The US government has refused to comment on Mr Saidi's case, but the Algerian seems to have raised suspicions through his work in Tanzania for al-Haramain, a Saudi-based international Islamic charity, suspected by the US of funding terrorism. He was also working on a fraudulent Tunisian passport at the time of his arrest. He denied having any terrorist links, and said he lost his original passport and was afraid to go to the Algerian embassy in the midst of a civil war against Islamists in his home country.
Mr Saidi's accounts of being hung from the ceiling and his rendition bear a striking resemblance to previous testimonies by detainees believed to have been abducted and held within similar secret prisons in or near Kabul.
His presence in an Afghan prison has been corroborated by Khaled el-Masri, a German citizen who was wrongfully rendered to Afghanistan and held for five months. "At the beginning of our time together, I was in the last cell and he was two cells away from me," Mr Masri told The New York Times. "Whenever I wanted to go to the toilet or was taken for questioning I had to pass his door."

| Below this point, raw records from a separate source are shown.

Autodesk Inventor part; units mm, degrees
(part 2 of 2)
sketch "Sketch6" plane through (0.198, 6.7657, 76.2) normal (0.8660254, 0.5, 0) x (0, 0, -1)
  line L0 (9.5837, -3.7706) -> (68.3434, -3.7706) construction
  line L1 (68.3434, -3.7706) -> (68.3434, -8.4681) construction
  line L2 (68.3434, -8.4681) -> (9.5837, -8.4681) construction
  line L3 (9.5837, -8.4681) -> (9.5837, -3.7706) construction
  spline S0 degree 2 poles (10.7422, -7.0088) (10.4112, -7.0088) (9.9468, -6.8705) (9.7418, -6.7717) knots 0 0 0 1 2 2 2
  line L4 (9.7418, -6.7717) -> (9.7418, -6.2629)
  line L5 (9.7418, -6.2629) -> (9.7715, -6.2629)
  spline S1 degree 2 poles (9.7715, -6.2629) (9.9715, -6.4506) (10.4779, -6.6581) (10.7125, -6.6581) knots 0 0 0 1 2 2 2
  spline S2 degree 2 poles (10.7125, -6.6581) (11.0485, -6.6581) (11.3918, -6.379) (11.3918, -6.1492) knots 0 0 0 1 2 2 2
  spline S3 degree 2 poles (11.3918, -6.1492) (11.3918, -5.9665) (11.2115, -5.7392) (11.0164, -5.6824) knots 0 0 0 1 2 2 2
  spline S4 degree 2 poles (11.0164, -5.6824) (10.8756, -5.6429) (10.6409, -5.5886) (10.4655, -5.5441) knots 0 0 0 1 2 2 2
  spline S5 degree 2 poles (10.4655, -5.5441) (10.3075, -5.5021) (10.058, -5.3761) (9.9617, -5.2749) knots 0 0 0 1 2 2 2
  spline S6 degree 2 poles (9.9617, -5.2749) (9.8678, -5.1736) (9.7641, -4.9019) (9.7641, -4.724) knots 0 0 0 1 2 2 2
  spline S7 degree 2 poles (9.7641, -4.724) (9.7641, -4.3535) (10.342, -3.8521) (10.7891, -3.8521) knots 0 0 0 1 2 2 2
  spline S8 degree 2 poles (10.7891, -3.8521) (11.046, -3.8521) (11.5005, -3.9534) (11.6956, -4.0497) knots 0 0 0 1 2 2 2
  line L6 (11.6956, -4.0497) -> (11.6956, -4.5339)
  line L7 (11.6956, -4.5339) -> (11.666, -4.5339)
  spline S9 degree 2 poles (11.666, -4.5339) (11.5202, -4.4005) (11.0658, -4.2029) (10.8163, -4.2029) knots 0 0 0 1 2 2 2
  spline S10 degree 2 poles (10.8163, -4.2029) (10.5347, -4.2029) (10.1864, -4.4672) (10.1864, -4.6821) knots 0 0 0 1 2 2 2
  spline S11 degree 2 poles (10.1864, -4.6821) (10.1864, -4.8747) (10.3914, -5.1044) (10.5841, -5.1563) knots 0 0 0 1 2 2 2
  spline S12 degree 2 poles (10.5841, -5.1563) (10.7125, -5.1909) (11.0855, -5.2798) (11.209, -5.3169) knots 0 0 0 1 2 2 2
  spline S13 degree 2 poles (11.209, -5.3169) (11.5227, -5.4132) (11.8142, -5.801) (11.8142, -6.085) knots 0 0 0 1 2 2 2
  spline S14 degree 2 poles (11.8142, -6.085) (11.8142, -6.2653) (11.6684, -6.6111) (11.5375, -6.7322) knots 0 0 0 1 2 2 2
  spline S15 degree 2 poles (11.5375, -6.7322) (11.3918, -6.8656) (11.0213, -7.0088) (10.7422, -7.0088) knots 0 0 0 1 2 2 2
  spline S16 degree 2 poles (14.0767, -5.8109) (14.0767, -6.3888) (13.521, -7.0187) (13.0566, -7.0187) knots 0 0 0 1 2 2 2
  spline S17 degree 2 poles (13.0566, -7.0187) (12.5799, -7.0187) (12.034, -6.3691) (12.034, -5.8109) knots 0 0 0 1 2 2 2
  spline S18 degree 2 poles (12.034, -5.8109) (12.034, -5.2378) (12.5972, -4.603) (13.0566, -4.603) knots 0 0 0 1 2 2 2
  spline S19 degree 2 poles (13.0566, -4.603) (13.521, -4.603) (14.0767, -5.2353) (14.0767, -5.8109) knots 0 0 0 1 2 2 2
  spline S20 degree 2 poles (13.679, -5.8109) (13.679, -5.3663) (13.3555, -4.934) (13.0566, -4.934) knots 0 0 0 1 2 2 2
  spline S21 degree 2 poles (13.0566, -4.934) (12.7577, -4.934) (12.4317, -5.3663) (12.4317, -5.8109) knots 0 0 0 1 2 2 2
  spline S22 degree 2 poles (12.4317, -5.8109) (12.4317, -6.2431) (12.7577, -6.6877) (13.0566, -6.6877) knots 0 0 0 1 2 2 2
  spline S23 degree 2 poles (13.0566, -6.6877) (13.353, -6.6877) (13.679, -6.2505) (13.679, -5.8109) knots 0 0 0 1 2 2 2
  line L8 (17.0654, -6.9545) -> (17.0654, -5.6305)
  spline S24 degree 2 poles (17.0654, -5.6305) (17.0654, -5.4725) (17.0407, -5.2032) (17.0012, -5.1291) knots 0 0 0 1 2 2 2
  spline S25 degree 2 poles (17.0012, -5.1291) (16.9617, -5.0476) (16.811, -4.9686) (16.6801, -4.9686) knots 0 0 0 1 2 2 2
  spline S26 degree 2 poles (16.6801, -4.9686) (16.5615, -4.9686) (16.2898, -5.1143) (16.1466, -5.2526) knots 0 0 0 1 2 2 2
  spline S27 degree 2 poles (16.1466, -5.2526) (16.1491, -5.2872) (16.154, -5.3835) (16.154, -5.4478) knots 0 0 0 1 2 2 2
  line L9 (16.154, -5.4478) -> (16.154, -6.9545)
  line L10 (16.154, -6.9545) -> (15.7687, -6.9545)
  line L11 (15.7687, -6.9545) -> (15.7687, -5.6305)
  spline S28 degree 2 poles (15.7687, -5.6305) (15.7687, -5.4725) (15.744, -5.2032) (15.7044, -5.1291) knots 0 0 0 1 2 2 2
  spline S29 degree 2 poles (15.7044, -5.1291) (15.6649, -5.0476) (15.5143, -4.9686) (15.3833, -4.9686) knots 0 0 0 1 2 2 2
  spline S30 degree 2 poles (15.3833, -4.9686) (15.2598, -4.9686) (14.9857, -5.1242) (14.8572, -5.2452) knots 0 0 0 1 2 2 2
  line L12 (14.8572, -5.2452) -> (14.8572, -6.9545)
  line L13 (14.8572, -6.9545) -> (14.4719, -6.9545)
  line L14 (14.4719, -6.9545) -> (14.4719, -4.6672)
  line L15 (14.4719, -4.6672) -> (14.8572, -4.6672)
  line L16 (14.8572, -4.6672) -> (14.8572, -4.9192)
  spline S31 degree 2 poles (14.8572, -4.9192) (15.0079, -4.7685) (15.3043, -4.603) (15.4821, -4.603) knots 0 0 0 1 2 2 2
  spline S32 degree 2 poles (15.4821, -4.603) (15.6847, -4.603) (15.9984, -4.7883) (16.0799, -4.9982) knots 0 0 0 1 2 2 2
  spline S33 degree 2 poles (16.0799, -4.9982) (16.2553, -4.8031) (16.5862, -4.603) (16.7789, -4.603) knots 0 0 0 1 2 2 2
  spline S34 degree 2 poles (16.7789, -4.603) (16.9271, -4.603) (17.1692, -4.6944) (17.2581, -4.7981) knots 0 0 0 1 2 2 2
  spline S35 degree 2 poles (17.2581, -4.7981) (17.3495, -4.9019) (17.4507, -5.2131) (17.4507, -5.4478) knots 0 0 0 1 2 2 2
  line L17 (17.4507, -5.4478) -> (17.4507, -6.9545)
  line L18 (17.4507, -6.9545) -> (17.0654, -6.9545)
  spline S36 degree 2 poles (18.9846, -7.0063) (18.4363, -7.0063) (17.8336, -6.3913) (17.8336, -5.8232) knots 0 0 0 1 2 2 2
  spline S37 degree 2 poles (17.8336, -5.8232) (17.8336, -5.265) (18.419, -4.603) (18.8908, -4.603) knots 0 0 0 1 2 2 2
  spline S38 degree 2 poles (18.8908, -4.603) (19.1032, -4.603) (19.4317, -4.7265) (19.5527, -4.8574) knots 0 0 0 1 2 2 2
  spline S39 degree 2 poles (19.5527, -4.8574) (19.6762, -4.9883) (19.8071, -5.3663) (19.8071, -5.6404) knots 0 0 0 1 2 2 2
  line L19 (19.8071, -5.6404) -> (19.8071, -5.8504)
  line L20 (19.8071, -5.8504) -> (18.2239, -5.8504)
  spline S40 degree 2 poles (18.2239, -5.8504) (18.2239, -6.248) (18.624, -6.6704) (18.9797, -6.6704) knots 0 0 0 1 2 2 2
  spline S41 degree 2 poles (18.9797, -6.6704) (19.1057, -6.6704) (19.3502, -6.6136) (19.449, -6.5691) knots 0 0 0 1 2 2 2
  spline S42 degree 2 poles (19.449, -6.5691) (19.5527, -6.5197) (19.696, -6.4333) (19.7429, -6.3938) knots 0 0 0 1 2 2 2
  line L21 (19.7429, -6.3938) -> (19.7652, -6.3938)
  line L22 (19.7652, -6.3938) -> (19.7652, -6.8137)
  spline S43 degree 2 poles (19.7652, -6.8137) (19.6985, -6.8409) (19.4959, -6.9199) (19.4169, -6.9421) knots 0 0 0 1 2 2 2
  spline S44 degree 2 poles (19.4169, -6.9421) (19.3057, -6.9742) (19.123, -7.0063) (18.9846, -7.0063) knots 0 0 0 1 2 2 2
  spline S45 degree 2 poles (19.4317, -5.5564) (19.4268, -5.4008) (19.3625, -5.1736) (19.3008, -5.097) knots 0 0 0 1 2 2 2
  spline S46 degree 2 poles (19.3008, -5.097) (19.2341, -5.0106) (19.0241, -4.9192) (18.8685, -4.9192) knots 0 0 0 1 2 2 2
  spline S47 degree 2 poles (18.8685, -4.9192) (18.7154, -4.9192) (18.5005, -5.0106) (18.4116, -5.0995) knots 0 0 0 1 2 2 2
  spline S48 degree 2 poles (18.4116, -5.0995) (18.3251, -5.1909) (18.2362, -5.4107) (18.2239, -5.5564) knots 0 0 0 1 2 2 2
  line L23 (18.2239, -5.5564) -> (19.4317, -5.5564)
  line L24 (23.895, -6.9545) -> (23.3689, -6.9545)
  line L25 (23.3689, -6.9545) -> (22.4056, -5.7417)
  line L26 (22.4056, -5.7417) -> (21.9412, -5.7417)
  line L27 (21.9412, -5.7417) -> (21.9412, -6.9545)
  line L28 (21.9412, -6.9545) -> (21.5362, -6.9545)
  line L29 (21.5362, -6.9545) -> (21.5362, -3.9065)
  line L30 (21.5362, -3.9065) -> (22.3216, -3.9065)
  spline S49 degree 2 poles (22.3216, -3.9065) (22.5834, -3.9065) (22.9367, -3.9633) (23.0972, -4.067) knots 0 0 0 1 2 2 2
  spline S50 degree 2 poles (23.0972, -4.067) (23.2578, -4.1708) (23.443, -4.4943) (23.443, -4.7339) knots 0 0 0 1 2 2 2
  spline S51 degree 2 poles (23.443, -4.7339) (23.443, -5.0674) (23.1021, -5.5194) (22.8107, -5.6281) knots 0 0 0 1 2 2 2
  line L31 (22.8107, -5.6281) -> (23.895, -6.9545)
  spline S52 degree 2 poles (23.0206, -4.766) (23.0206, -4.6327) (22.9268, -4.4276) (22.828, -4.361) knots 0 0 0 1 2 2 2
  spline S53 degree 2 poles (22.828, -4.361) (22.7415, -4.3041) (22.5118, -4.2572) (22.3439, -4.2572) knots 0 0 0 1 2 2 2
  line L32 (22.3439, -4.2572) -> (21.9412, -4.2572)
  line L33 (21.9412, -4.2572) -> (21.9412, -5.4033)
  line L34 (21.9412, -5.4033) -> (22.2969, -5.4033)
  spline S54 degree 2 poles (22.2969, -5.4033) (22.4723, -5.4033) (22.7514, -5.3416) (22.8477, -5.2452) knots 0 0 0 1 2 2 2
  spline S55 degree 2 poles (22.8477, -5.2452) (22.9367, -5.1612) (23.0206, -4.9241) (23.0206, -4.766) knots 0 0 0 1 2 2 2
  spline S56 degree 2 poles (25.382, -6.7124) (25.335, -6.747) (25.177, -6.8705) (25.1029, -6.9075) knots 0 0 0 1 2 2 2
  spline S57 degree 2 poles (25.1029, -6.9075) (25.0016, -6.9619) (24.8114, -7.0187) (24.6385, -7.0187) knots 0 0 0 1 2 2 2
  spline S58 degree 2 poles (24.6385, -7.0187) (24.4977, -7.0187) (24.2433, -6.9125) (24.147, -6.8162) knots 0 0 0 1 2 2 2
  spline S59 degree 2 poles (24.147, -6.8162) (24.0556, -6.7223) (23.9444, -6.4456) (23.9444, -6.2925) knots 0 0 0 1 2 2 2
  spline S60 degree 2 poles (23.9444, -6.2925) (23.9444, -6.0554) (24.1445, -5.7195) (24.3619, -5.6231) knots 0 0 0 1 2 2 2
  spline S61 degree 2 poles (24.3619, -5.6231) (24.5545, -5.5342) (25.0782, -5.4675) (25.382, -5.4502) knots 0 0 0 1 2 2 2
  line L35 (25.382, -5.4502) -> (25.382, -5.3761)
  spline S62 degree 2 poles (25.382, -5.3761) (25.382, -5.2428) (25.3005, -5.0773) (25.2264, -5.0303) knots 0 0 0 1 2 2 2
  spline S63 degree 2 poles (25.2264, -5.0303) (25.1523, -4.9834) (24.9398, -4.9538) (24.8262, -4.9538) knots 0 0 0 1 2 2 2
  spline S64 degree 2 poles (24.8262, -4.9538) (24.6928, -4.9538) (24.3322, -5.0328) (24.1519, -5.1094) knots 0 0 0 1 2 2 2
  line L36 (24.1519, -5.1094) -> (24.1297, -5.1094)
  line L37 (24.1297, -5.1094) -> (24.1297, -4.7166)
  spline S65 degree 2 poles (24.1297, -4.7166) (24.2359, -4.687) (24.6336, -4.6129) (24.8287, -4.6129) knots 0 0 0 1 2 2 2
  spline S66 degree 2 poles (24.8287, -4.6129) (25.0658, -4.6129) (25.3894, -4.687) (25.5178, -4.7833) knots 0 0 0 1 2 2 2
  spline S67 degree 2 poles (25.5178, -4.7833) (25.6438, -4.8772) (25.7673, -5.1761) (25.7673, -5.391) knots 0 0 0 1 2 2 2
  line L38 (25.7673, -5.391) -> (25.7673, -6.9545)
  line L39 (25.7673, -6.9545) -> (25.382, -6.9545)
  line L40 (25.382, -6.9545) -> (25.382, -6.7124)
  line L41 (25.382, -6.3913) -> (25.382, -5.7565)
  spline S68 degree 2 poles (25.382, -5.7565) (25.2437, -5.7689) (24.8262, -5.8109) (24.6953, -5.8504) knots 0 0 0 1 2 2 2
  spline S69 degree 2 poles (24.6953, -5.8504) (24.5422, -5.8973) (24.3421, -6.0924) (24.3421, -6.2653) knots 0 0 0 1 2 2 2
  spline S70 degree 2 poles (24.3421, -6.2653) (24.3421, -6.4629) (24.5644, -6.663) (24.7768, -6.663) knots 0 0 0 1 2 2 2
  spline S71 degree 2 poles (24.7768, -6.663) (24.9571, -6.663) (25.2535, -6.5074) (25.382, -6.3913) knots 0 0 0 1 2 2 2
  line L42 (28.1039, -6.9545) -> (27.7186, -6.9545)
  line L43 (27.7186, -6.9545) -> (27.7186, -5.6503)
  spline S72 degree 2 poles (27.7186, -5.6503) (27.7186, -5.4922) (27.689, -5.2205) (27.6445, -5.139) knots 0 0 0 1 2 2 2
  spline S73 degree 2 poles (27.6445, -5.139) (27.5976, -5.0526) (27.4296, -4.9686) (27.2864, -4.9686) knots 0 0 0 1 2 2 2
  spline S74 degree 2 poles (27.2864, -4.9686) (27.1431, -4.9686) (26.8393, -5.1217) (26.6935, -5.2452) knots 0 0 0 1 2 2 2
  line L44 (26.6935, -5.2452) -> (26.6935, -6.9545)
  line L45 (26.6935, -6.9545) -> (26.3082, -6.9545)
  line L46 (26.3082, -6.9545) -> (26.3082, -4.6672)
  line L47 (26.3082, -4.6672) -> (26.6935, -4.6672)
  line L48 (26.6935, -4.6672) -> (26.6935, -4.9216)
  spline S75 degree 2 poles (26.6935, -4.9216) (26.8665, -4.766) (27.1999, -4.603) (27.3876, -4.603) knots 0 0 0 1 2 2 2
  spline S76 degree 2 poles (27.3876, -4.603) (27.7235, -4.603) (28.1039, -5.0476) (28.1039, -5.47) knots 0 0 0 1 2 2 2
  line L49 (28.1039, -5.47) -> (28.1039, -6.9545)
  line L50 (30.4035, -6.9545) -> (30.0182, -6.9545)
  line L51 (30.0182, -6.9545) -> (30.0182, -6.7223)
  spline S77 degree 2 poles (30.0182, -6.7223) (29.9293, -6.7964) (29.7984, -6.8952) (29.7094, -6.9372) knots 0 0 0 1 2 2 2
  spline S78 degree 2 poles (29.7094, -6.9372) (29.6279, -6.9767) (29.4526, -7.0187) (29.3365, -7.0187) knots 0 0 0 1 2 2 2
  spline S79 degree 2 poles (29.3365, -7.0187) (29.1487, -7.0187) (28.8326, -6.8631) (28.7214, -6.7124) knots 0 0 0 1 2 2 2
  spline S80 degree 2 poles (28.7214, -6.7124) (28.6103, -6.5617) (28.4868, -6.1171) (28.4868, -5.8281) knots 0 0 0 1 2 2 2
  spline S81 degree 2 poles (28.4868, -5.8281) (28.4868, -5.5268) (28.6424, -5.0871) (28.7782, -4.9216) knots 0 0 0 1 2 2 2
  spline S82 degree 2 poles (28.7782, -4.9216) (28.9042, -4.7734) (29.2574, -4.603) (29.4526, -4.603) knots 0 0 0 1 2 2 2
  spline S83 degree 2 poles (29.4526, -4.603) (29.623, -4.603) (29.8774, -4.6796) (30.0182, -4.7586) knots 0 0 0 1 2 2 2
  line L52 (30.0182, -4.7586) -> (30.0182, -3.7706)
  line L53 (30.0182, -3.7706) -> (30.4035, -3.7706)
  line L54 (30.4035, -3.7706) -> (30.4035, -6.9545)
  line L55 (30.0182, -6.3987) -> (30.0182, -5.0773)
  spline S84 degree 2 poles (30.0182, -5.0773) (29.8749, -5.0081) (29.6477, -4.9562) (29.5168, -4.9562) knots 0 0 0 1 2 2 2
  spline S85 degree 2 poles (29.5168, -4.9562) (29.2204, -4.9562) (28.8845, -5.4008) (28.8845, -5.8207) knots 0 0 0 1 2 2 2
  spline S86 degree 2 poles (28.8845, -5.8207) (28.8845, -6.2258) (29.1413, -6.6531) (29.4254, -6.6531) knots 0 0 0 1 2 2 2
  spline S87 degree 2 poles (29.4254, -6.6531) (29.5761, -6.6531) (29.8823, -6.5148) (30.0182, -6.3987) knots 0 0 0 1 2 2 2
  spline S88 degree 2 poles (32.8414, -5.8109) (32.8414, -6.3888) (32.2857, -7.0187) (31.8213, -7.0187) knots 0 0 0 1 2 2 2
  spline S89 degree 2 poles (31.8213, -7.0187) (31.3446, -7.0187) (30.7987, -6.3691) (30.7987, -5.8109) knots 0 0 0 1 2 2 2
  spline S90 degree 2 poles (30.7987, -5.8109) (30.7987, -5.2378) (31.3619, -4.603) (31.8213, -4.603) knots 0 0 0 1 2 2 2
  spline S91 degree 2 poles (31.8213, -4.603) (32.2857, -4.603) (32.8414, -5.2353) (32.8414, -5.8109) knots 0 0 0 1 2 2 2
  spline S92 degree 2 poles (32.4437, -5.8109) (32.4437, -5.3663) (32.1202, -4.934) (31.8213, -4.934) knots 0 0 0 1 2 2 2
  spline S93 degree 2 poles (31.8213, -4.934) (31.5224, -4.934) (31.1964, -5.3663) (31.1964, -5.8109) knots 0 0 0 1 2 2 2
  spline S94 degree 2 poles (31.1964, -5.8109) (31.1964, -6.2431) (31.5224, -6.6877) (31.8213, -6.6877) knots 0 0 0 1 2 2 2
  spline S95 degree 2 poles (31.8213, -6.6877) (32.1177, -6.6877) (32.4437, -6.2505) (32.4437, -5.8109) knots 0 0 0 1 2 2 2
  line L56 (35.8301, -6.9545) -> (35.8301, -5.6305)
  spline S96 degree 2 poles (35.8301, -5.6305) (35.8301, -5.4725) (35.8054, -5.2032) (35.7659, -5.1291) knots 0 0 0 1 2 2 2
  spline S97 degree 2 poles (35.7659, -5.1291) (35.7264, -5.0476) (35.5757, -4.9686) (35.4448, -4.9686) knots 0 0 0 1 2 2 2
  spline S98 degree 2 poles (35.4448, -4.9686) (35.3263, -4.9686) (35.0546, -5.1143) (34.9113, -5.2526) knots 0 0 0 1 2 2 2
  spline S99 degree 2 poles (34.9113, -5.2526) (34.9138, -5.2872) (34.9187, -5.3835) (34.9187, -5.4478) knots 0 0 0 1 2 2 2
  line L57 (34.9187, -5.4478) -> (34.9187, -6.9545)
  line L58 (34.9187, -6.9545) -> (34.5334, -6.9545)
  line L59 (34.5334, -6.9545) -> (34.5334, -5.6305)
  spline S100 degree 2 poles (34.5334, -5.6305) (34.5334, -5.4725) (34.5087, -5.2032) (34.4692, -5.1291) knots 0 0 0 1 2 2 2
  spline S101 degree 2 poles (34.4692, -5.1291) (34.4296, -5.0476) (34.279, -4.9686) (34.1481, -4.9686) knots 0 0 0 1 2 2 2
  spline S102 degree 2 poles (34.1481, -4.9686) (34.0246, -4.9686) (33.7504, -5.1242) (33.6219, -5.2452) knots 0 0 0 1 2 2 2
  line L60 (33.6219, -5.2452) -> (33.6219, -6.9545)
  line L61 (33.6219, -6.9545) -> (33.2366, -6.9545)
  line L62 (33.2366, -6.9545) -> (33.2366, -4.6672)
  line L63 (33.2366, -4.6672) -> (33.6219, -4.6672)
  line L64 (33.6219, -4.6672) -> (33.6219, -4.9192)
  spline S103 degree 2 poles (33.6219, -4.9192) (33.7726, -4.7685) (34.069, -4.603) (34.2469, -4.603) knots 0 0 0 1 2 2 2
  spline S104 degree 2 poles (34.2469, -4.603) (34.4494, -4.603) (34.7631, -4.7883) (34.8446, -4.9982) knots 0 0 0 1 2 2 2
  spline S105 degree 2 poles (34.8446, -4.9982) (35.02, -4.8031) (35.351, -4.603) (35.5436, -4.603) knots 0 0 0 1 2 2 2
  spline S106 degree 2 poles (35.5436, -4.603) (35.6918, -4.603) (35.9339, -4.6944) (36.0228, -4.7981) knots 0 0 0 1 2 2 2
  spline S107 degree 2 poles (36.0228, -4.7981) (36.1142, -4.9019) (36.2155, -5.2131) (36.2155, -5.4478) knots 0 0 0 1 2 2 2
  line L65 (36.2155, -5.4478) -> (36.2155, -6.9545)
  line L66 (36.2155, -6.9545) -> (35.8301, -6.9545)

Mr Saidi said he was arrested by Tanzanian police officers on 10 May 2003, and handed over to English-speaking men wearing jeans and T-shirts at the Malawi border. He says he was blindfolded, had his clothes cut from his body and suppositories placed in his anus, and was made to wear a large nappy before being placed on an aeroplane.
He was then allegedly flown to Afghanistan and held in a "dark prison" filled with deafening Western music before being sent to a second prison, where he met Mr Masri.
Two Egyptian nationals, Muhammad al-Zery and Ahmed Agiza, who were rendered from Sweden to Egypt in December 2001, described an almost identical procedure in preparing them for rendition. Similarly, numerous ex-detainees of Afghan "black sites" have described a dark prison near Kabul where Western rap music was played at deafening volume.
Mr Saidi has never been charged or told why he was arrested. "Sometimes I cry and shake when I think about this," he said. "I didn't think I would ever see my family again."